**Work to be completed**: Within the entries below, please return exactly the lines from the one with "line L2 (11.631, 17.825) -> (13.262, 15)" through the one with "angle of L3 L4", leaving out any pictures.

BEGIN

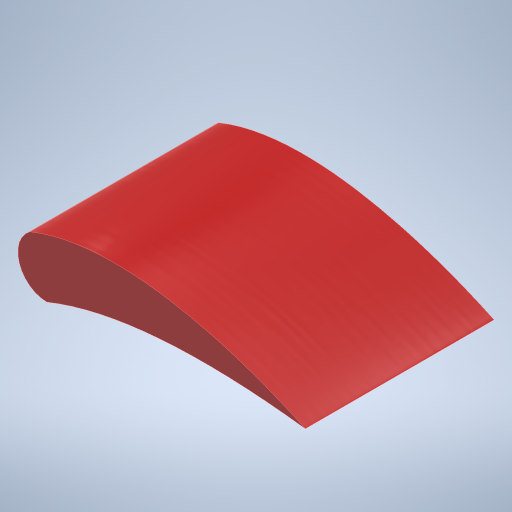
# Autodesk Inventor part: PALE
Saved by Autodesk Inventor 2024.2 (Build 282272000, 272)
## iProperties
Created: 2025-07-15
Part Number: PALE
Material: Generic
Document SubType Name: Modeling
Designer: KABONGO
Density: 1 g/cm^3
Appearance: Red
Author: KABONGO
Autodesk Inventor part; units mm, degrees
ref_plane "YZ Plane" through (0, 0, 0) normal (1, 0, 0) x (0, 1, 0)
ref_plane "XZ Plane" through (0, 0, 0) normal (0, 1, 0) x (-1, 0, 0)
ref_plane "XY Plane" through (0, 0, 0) normal (0, 0, 1) x (1, 0, 0)
sketch "Sketch1" plane through (0, 0, 0) normal (0, 0, 1) x (1, 0, 0)
  arc A0 (-17.8812, 52.2471) -> (4.7414, -18.3459) centre (4.7414, 20.5755) ccw
  line L0 (-17.8812, 52.2471) -> (141.2167, 116.6849) construction
  line L1 (141.2167, 116.6849) -> (349.4431, 7.9295) construction
  line L2 (349.4431, 7.9295) -> (352.6574, 7.9295) construction
  spline S0 degree 3 poles (-17.8812, 52.2471) (141.2167, 116.6849) (349.4431, 7.9295) (352.6574, 7.9295) knots 1 1 1 1 2 2 2 2
  line L3 (4.7414, -18.3459) -> (135.9231, 34.7853) construction
  line L4 (135.9231, 34.7853) -> (352.6574, 7.9295) construction
  spline S1 degree 2 poles (4.7414, -18.3459) (135.9231, 34.7853) (352.6574, 7.9295) knots 1 1 1 2 2 2
  point P0 (0, 0)
  constraints: 2 point on circle, 1 centre point, 1 horizontal, 6 other
extrude "Extrusion1" add sketch "Sketch1" along normal blind 254
body "Solid1"
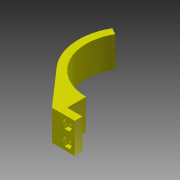
# Autodesk Inventor part: clip
Saved by Autodesk Inventor 2013 (Build 170138000, 138)
## iProperties
Created: 2013-12-08
Part Number: clip
Material: Generic
Document SubType Name: Modeling
Designer: employee
Density: 1 g/cm^3
Author: employee
Autodesk Inventor part; units mm, degrees
ref_plane "YZ Plane" through (0, 0, 0) normal (1, 0, 0) x (0, 1, 0)
ref_plane "XZ Plane" through (0, 0, 0) normal (0, 1, 0) x (-1, 0, 0)
ref_plane "XY Plane" through (0, 0, 0) normal (0, 0, 1) x (1, 0, 0)
sketch "Sketch1" plane through (0, 0, 0) normal (0, 0, 1) x (1, 0, 0)
  arc A0 (-30.4516, 17.5812) -> (0, -35.1625) centre (0, 0) ccw
  line L0 (0, 0) -> (30.1625, 0)
  line L1 (0, 0) -> (17.5813, 30.4516)
  line L2 (0, 0) -> (-30.4516, 17.5812)
  line L3 (0, -30.1625) -> (0, -35.1625)
  arc A1 (-26.1215, 15.0812) -> (0, -30.1625) centre (0, 0) ccw
  arc A2 (30.1625, 0) -> (15.0813, 26.1215) centre (0, 0) ccw
  line L4 (0, -30.1625) -> (30.1625, -30.1625)
  line L5 (30.1625, -30.1625) -> (30.1625, -42.6625)
  line L6 (30.1625, -42.6625) -> (0, -42.6625)
  line L7 (0, -42.6625) -> (0, -30.1625)
  line L8 (0, -42.6625) -> (10, -42.6625)
  line L9 (10, -42.6625) -> (10, -47.6625)
  line L10 (10, -47.6625) -> (0, -47.6625)
  line L11 (0, -47.6625) -> (0, -42.6625)
  line L12 (0, -47.6625) -> (0, -35.1625)
  line L13 (0, -47.6625) -> (-5, -47.6625)
  line L14 (-5, -47.6625) -> (-5, -42.6625)
  line L15 (-5, -42.6625) -> (0, -42.6625)
  line L16 (0, -42.6625) -> (0, -47.6625)
  line L17 (-5, -47.6625) -> (-26.4528, -23.1657)
  line L18 (0, -42.6625) -> (0, -35.1625)
  dimension "d3" = 60
  dimension "d4" = 30.1625
  dimension "d5" = 35.1625
  dimension "d6" = 12.5
  dimension "d7" = 10
  dimension "d8" = 5
  constraints: 38 end point, 7 point on circle, 6 parallel, 6 perpendicular, 4 horizontal, 3 centre point, 2 collinear, 2 point on line, 1 coincident, 1 concentric, 1 tangent, 1 vertical alignment
  measures "d3" angle of L0 L1
  measures "d4" radius of A1
  measures "d5" radius of A0
  measures "d6" distance between parallel lines of L4 L6
  measures "d7" distance of L9.end L10.end
  measures "d8" distance of L8.end L9.end
extrude "Extrusion1" add sketch "Sketch1" along normal blind 20 contours L2 A1 L3 A0 | A0 L7 L15 L14 L17 | L14 L15 L11 L13 | L6 L9 L10 L11
sketch "Sketch2" plane through (-5, -47.6625, 0) normal (0, -1, 0) x (1, 0, 0)
  line L0 (0, 0) -> (15, 0) projected
  line L1 (15, 0) -> (15, 20) projected
  line L2 (0, 20) -> (15, 20) projected
  line L3 (0, 0) -> (0, 20) projected
  line L4 (10, 20) -> (10, 0)
  circle A0 centre (10, 15) radius 1.6
  circle A1 centre (10, 5) radius 1.6
  point P0 (5, 0)
  dimension "d11" = 3.2
  dimension "d13" = 5
  dimension "d14" = 5
  dimension "d15" = 5
  constraints: 4 point on line, 2 centre point, 2 end point, 1 equal radius, 1 parallel
  measures "d11" diameter of A1
  measures "d13" distance from line of L2 A0.centre
  measures "d14" distance from line of L0 A1.centre
  measures "d15" distance between parallel lines of L1 L4
extrude "Extrusion2" cut sketch "Sketch2" against normal through all contours A1 L4 | L4 A1 | A0 L4 | L4 A0
sketch "Sketch3" plane through (-5, -47.6625, 0) normal (0, -1, 0) x (1, 0, 0)
  circle A0 centre (10, 5) radius 1.6 projected
  circle A1 centre (10, 15) radius 1.6 projected
  line L0 (6.738, 15) -> (8.369, 17.825)
  line L1 (8.369, 17.825) -> (11.631, 17.825)
  line L2 (11.631, 17.825) -> (13.262, 15)
  line L3 (13.262, 15) -> (11.631, 12.175)
  line L4 (11.631, 12.175) -> (8.369, 12.175)
  line L5 (8.369, 12.175) -> (6.738, 15)
  line L6 (6.738, 5) -> (8.369, 7.825)
  line L7 (8.369, 7.825) -> (11.631, 7.825)
  line L8 (11.631, 7.825) -> (13.262, 5)
  line L9 (13.262, 5) -> (11.631, 2.175)
  line L10 (11.631, 2.175) -> (8.369, 2.175)
  line L11 (8.369, 2.175) -> (6.738, 5)
  point P0 (5, 0)
  dimension "d18" = 5.65
  constraints: 24 end point, 2 coincident, 2 horizontal, 1 parallel, 26 other
  measures "d18" distance between parallel lines of L10 L7
extrude "Extrusion3" cut sketch "Sketch3" against normal blind 2.5
body "Solid1"
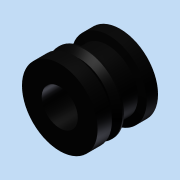
# Autodesk Inventor part: antenna_shaft_delrin
Saved by Autodesk Inventor 2014 (Build 180170000, 170)
## iProperties
Created: 2012-08-14
Part Number: antenna_shaft_delrin
Document SubType Name: Modeling
Designer: Robert Davis
Density: 1.425 g/cm^3
Material: Acetal Resin, Black
Mass: 0.0637251 g
Surface Area: 1.27177 cm^2
Volume: 0.0447194 cm^3
Appearance: Anodized - Black
Author: Robert Davis
Autodesk Inventor part; units mm, degrees
ref_plane "YZ Plane" through (0, 0, 0) normal (1, 0, 0) x (0, 1, 0)
ref_plane "XZ Plane" through (0, 0, 0) normal (0, 1, 0) x (-1, 0, 0)
ref_plane "XY Plane" through (0, 0, 0) normal (0, 0, 1) x (1, 0, 0)
sketch "Sketch1" plane through (0, 0, 0) normal (0, 0, 1) x (1, 0, 0)
  line L0 (0, 0) -> (0, 17.163)
  line L1 (2.5, 4) -> (2.5, 3.25)
  line L2 (2.5, 0) -> (0, 0)
  line L3 (2.5, 3.25) -> (2, 3.1618)
  line L4 (2, 3.1618) -> (2, 1.8382)
  line L5 (2, 1.8382) -> (2.5, 1.75)
  line L6 (0, 0) -> (0, 4)
  line L7 (0, 4) -> (2.5, 4)
  line L8 (2.5, 1.65) -> (2.15, 1.3)
  line L9 (2.15, 1.3) -> (2.5, 0.95)
  line L10 (2.5, 1.75) -> (2.5, 1.65)
  line L11 (2.5, 0.95) -> (2.5, 0)
  dimension "d2" = 5
  dimension "d17" = 0.75
  dimension "d18" = 1.75
  dimension "d19" = 100
  dimension "d20" = 100
  dimension "d24" = 1.3237
  dimension "d42" = 1.3
  dimension "d43" = 135
  dimension "d44" = 135
  dimension "d45" = 0.35
  constraints: 24 end point, 5 vertical, 2 collinear, 2 horizontal, 1 coincident
  measures "d2" diameter of L1 L0
  measures "d17" distance of L1.start L1.end
  measures "d18" distance of L5.end L2.start
  measures "d19" angle of L3 L4
  measures "d20" angle of L4 L5
  measures "d24" distance of L3.end L4.end
  measures "d42" distance from line of L2 L8.end
  measures "d43" angle of L10 L8
  measures "d44" angle of L11 L9
  measures "d45" distance from line of L11 L8.end
revolve "Revolution1" add sketch "Sketch1" angle 360 about axis through (0, 0, 0) along (0, 1, 0)
hole "Hole1" [suppressed]
hole "Hole2" at (0, 4, 0) direction (0, -1, 0) diameter 2.3876 end through all countersink diameter 4.7625 countersink angle 100
body "Solid1"

END

**Answer space**:
  line L2 (11.631, 17.825) -> (13.262, 15)
  line L3 (13.262, 15) -> (11.631, 12.175)
  line L4 (11.631, 12.175) -> (8.369, 12.175)
  line L5 (8.369, 12.175) -> (6.738, 15)
  line L6 (6.738, 5) -> (8.369, 7.825)
  line L7 (8.369, 7.825) -> (11.631, 7.825)
  line L8 (11.631, 7.825) -> (13.262, 5)
  line L9 (13.262, 5) -> (11.631, 2.175)
  line L10 (11.631, 2.175) -> (8.369, 2.175)
  line L11 (8.369, 2.175) -> (6.738, 5)
  point P0 (5, 0)
  dimension "d18" = 5.65
  constraints: 24 end point, 2 coincident, 2 horizontal, 1 parallel, 26 other
  measures "d18" distance between parallel lines of L10 L7
extrude "Extrusion3" cut sketch "Sketch3" against normal blind 2.5
body "Solid1"
# Autodesk Inventor part: antenna_shaft_delrin
Saved by Autodesk Inventor 2014 (Build 180170000, 170)
## iProperties
Created: 2012-08-14
Part Number: antenna_shaft_delrin
Document SubType Name: Modeling
Designer: Robert Davis
Density: 1.425 g/cm^3
Material: Acetal Resin, Black
Mass: 0.0637251 g
Surface Area: 1.27177 cm^2
Volume: 0.0447194 cm^3
Appearance: Anodized - Black
Author: Robert Davis
Autodesk Inventor part; units mm, degrees
ref_plane "YZ Plane" through (0, 0, 0) normal (1, 0, 0) x (0, 1, 0)
ref_plane "XZ Plane" through (0, 0, 0) normal (0, 1, 0) x (-1, 0, 0)
ref_plane "XY Plane" through (0, 0, 0) normal (0, 0, 1) x (1, 0, 0)
sketch "Sketch1" plane through (0, 0, 0) normal (0, 0, 1) x (1, 0, 0)
  line L0 (0, 0) -> (0, 17.163)
  line L1 (2.5, 4) -> (2.5, 3.25)
  line L2 (2.5, 0) -> (0, 0)
  line L3 (2.5, 3.25) -> (2, 3.1618)
  line L4 (2, 3.1618) -> (2, 1.8382)
  line L5 (2, 1.8382) -> (2.5, 1.75)
  line L6 (0, 0) -> (0, 4)
  line L7 (0, 4) -> (2.5, 4)
  line L8 (2.5, 1.65) -> (2.15, 1.3)
  line L9 (2.15, 1.3) -> (2.5, 0.95)
  line L10 (2.5, 1.75) -> (2.5, 1.65)
  line L11 (2.5, 0.95) -> (2.5, 0)
  dimension "d2" = 5
  dimension "d17" = 0.75
  dimension "d18" = 1.75
  dimension "d19" = 100
  dimension "d20" = 100
  dimension "d24" = 1.3237
  dimension "d42" = 1.3
  dimension "d43" = 135
  dimension "d44" = 135
  dimension "d45" = 0.35
  constraints: 24 end point, 5 vertical, 2 collinear, 2 horizontal, 1 coincident
  measures "d2" diameter of L1 L0
  measures "d17" distance of L1.start L1.end
  measures "d18" distance of L5.end L2.start
  measures "d19" angle of L3 L4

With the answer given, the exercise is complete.